With regards to code based approaches to energy efficiency, at least one local energy code has been passed and partially tested ... and stopped dead in its tracks (at least temporarily). The City of Albuquerque passed its own building code with energy efficiency standards. In granting a preliminary injunction blocking application of the code, a federal district court judge made the preliminary finding that it was more likely than not the challenger would prevail based on an argument that Congress had spoken on energy efficiency and that the federal statutes preempted state or local action.
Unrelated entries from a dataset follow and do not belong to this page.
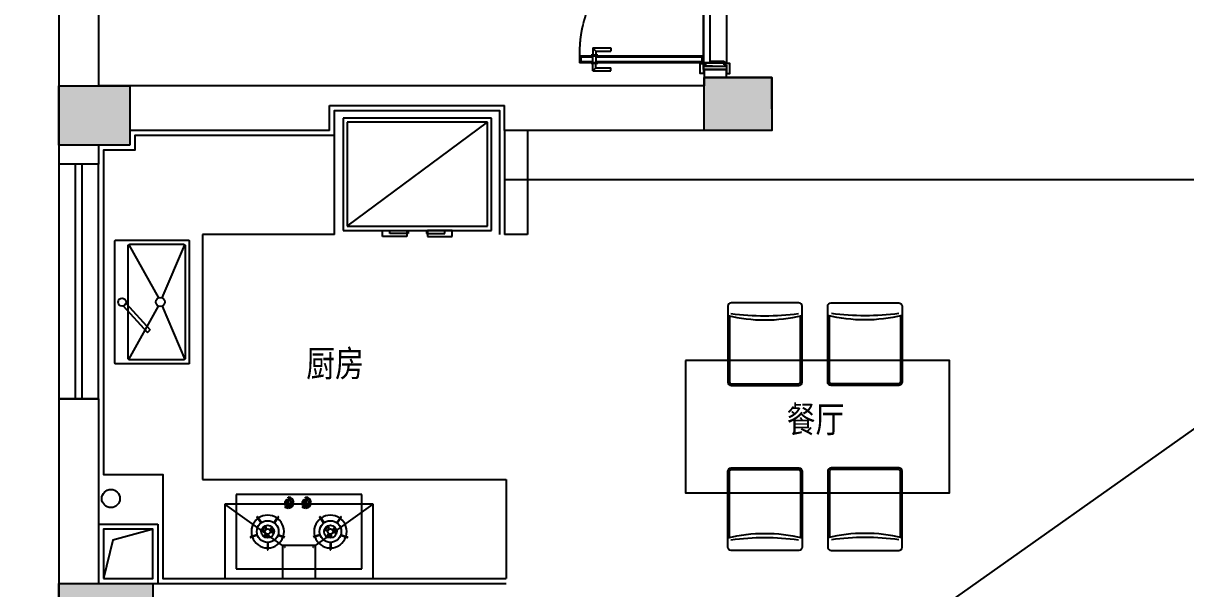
# Model space of a CAD drawing. Header units: millimetres. Extents: x 148889 to 229003, y -70503 to 111106.
# Drawn here: x 176968 to 184011, y -46601 to -43175 of the extents above; entities that cross this region are included whole.
import ezdxf
from ezdxf.lldxf.tags import DXFTag

# ---------------------------------------------------------------- set-up
doc = ezdxf.new("R2010")
doc.units = ezdxf.units.MM
doc.header["$PDMODE"] = 3
doc.linetypes.add('DASHED2', pattern=[0.375, 0.25, -0.125])
doc.linetypes.add('HIDDEN', pattern=[0.375, 0.25, -0.125])
for name, color, linetype in [('C-门套', 16, 'Continuous'), ('P-原墙线', 7, 'Continuous'), ('P-固定家具1(到顶)', 3, 'Continuous'), ('P-固定家具2(不到顶)', 2, 'Continuous'), ('P-外部尺寸', 44, 'Continuous'), ('P-完成面', 1, 'Continuous'), ('P-文字', 3, 'Continuous'), ('P-新墙线', 4, 'Continuous'), ('P-活动家具', 3, 'Continuous'), ('P-窗', 3, 'Continuous'), ('P-门', 1, 'Continuous'), ('P-门套', 1, 'Continuous')]:
    doc.layers.add(name, color=color, linetype=linetype)
doc.styles.add('Arial', font='arial.ttf')
doc.styles.add('H1', font='SimSun.ttf')
tags = doc.linetypes.add('ACAD_ISO03W100', pattern=[30, 12, -18]).pattern_tags.tags
tags[6:7] = [DXFTag(74, 4), DXFTag(75, 0), DXFTag(340, '0'), DXFTag(46, 1.0), DXFTag(50, 0.0), DXFTag(44, 0.0), DXFTag(45, 0.0)]
tags[4:5] = [DXFTag(74, 4), DXFTag(75, 0), DXFTag(340, '0'), DXFTag(46, 1.0), DXFTag(50, 0.0), DXFTag(44, 0.0), DXFTag(45, 0.0)]
doc.dimstyles.new('1比80', dxfattribs={"dimscale": 80, "dimtxt": 2, "dimasz": 1.25, "dimexe": 1, "dimexo": 1, "dimgap": 0.25, "dimtad": 1, "dimdec": 0, "dimrnd": 0.005, "dimzin": 0, "dimdsep": 46, "dimtxsty": 'Arial', "dimblk": 'ARCHTICK', "dimcen": 0.125, "dimdle": 1, "dimclrd": 44, "dimclre": 44, "dimclrt": 50, "dimadec": 0, "dimazin": 0, "dimtfac": 1, "dimtdec": 0, "dimtix": 1, "dimtmove": 2, "dimatfit": 3, "dimldrblk": 'DOT', "dimfxl": 5, "dimfxlon": 1, "dimtvp": 1, "dimtolj": 1, "dimtzin": 0, "dimarcsym": 0})

# ---------------------------------------------------------------- blocks, each defined once
blk = doc.blocks.new('_ArchTick')
at = {"color": 0, "linetype": 'ByBlock', "const_width": 0.15}
blk.add_lwpolyline([(-0.5, -0.5), (0.5, 0.5)], dxfattribs=at)
blk = doc.blocks.new('*D244')
at = {"layer": 'Defpoints', "color": 0}
for p in [(177967.7, -40814.4), (175747.9, -43554.4), (178922.7, -43554.4)]:
    blk.add_point(p, dxfattribs=at)
at = {"layer": 'P-外部尺寸', "color": 44, "lineweight": -2}
for p, q in [((175747.9, -40734.4), (175747.9, -43634.4)), ((176147.9, -40814.4), (175667.9, -40814.4)), ((176147.9, -43554.4), (175667.9, -43554.4))]:
    blk.add_line(p, q, dxfattribs=at)
at = {"layer": 'P-外部尺寸', "color": 44, "lineweight": -2, "xscale": 100, "yscale": 100, "zscale": 100}
for p, rotation in [((175747.9, -40814.4), 90), ((175747.9, -43554.4), 270)]:
    blk.add_blockref('_ArchTick', p, dxfattribs=dict(at, rotation=rotation))
at = {"layer": 'P-外部尺寸', "color": 50, "insert": (175646.2, -42184.4), "char_height": 160, "attachment_point": 5, "rotation": 90, "style": 'Arial'}
blk.add_mtext('\\A1;2740', dxfattribs=at)
blk = doc.blocks.new('_Dot')
at = {"color": 0, "linetype": 'ByBlock', "lineweight": -2}
blk.add_line((-0.5, 0), (-1, 0), dxfattribs=at)
at = {"color": 0, "linetype": 'ByBlock', "const_width": 0.5}
blk.add_lwpolyline([(-0.25, 0, 1), (0.25, 0, 1)], format="xyb", close=True, dxfattribs=at)
blk = doc.blocks.new('*D245')
at = {"layer": 'Defpoints', "color": 0}
for p in [(178922.7, -43554.4), (175747.9, -43824.4), (178922.7, -43824.4)]:
    blk.add_point(p, dxfattribs=at)
at = {"layer": 'P-外部尺寸', "color": 44, "lineweight": -2}
for p, q in [((175747.9, -43554.4), (175747.9, -43454.4)), ((176147.9, -43554.4), (175667.9, -43554.4)), ((175747.9, -43554.4), (175747.9, -43824.4)), ((176147.9, -43824.4), (175667.9, -43824.4)), ((175747.9, -43824.4), (175747.9, -43924.4))]:
    blk.add_line(p, q, dxfattribs=at)
at = {"layer": 'P-外部尺寸', "color": 44, "lineweight": -2, "xscale": 100, "yscale": 100, "zscale": 100}
for p, rotation in [((175747.9, -43554.4), 270), ((175747.9, -43824.4), 90)]:
    blk.add_blockref('_ArchTick', p, dxfattribs=dict(at, rotation=rotation))
at = {"layer": 'P-外部尺寸', "color": 50, "insert": (175646.2, -43689.4), "char_height": 160, "attachment_point": 5, "rotation": 90, "style": 'Arial'}
blk.add_mtext('\\A1;270', dxfattribs=at)
blk = doc.blocks.new('*D246')
at = {"layer": 'Defpoints', "color": 0}
for p in [(178922.7, -43824.4), (175747.9, -46569.4), (178552.7, -46569.4)]:
    blk.add_point(p, dxfattribs=at)
at = {"layer": 'P-外部尺寸', "color": 44, "lineweight": -2}
for p, q in [((175747.9, -43744.4), (175747.9, -46649.4)), ((176147.9, -43824.4), (175667.9, -43824.4)), ((176147.9, -46569.4), (175667.9, -46569.4))]:
    blk.add_line(p, q, dxfattribs=at)
at = {"layer": 'P-外部尺寸', "color": 44, "lineweight": -2, "xscale": 100, "yscale": 100, "zscale": 100}
for p, rotation in [((175747.9, -43824.4), 90), ((175747.9, -46569.4), 270)]:
    blk.add_blockref('_ArchTick', p, dxfattribs=dict(at, rotation=rotation))
at = {"layer": 'P-外部尺寸', "color": 50, "insert": (175646.2, -45196.9), "char_height": 160, "attachment_point": 5, "rotation": 90, "style": 'Arial'}
blk.add_mtext('\\A1;2745', dxfattribs=at)
blk = doc.blocks.new('*D247')
at = {"layer": 'Defpoints', "color": 0}
for p in [(178552.7, -46569.4), (175747.9, -46819.4), (178552.7, -46819.4)]:
    blk.add_point(p, dxfattribs=at)
at = {"layer": 'P-外部尺寸', "color": 44, "lineweight": -2}
for p, q in [((175747.9, -46569.4), (175747.9, -46469.4)), ((176147.9, -46569.4), (175667.9, -46569.4)), ((175747.9, -46569.4), (175747.9, -46819.4)), ((176147.9, -46819.4), (175667.9, -46819.4)), ((175747.9, -46819.4), (175747.9, -46919.4))]:
    blk.add_line(p, q, dxfattribs=at)
at = {"layer": 'P-外部尺寸', "color": 44, "lineweight": -2, "xscale": 100, "yscale": 100, "zscale": 100}
for p, rotation in [((175747.9, -46569.4), 270), ((175747.9, -46819.4), 90)]:
    blk.add_blockref('_ArchTick', p, dxfattribs=dict(at, rotation=rotation))
at = {"layer": 'P-外部尺寸', "color": 50, "insert": (175646.2, -46694.4), "char_height": 160, "attachment_point": 5, "rotation": 90, "style": 'Arial'}
blk.add_mtext('\\A1;250', dxfattribs=at)
blk = doc.blocks.new('A$C32C90617')
at = {"layer": 'P-活动家具'}
for p, q in [((238.6, 717.9), (238.6, 680)), ((387.4, 717.9), (238.6, 717.9)), ((387.4, 680), (387.4, 717.9)), ((512.6, 717.9), (661.4, 717.9)), ((512.6, 680), (512.6, 717.9)), ((661.4, 717.9), (661.4, 680)), ((900, 680), (0, 680)), ((0, 680), (0, 0)), ((238.6, 680), (387.4, 680)), ((661.4, 680), (512.6, 680)), ((900, 0), (900, 680)), ((0, 0), (900, 0))]:
    blk.add_line(p, q, dxfattribs=at)
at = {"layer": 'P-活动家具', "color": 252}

The City of Albuquerque case reached the preliminary finding of federal preemption despite the fact that when Congress passed its energy efficiency measures, it included an express limited caveat that excluded building codes from preemption. The case is still pending, so the ultimate result is up in the air. The case does, however, offer a roadmap to those seeking to challenge statewide and local building code efforts to impose energy efficiency standards.

Given these complexities, it may be simpler for proponents of increased efficiency to do so at the federal level. The Waxman-Markley bill (described as the cap and trade bill by some, by others as The Illiad) includes significant increases in required energy efficiency requirements. While these standards have received extensive attention and commentary from green building bloggers, the press and public discussion of these aspects of the bill have been almost strangely silent.

The interplay of these issues raise a number of questions, particularly if proponents are successful at incorporating energy efficiency standards into federal or state statutes:

  • If LEED in fact incorporates recertification and/or on-going performance requirements, will it reach the tipping point where owners and end-users push back on fees and process?
  • What is LEED's role in the future if green requirements are increasingly codified? Does LEED always impose higher requirements? Does it stick to a holistic approach and avoid "energy myopia" as coined by Shari Shapiro?
  • If/when statutory framework for sustainable development emerges in earnest, will the position of pre-eminence of LEED erode? Is the USGBC's ultimate mission of "working to make green building available to everyone within a generation" furthered more by advancing legal codification or increasing the reach and depth of its current market penetration?

These are the Ghosts of LEED Present.  Next time we will discuss in greater detail the thicket of legal risk and defense issues posed by extended reporting requirements, decertification and recertification, including statutes of limitations and shared/murky issues of risk and responsibility.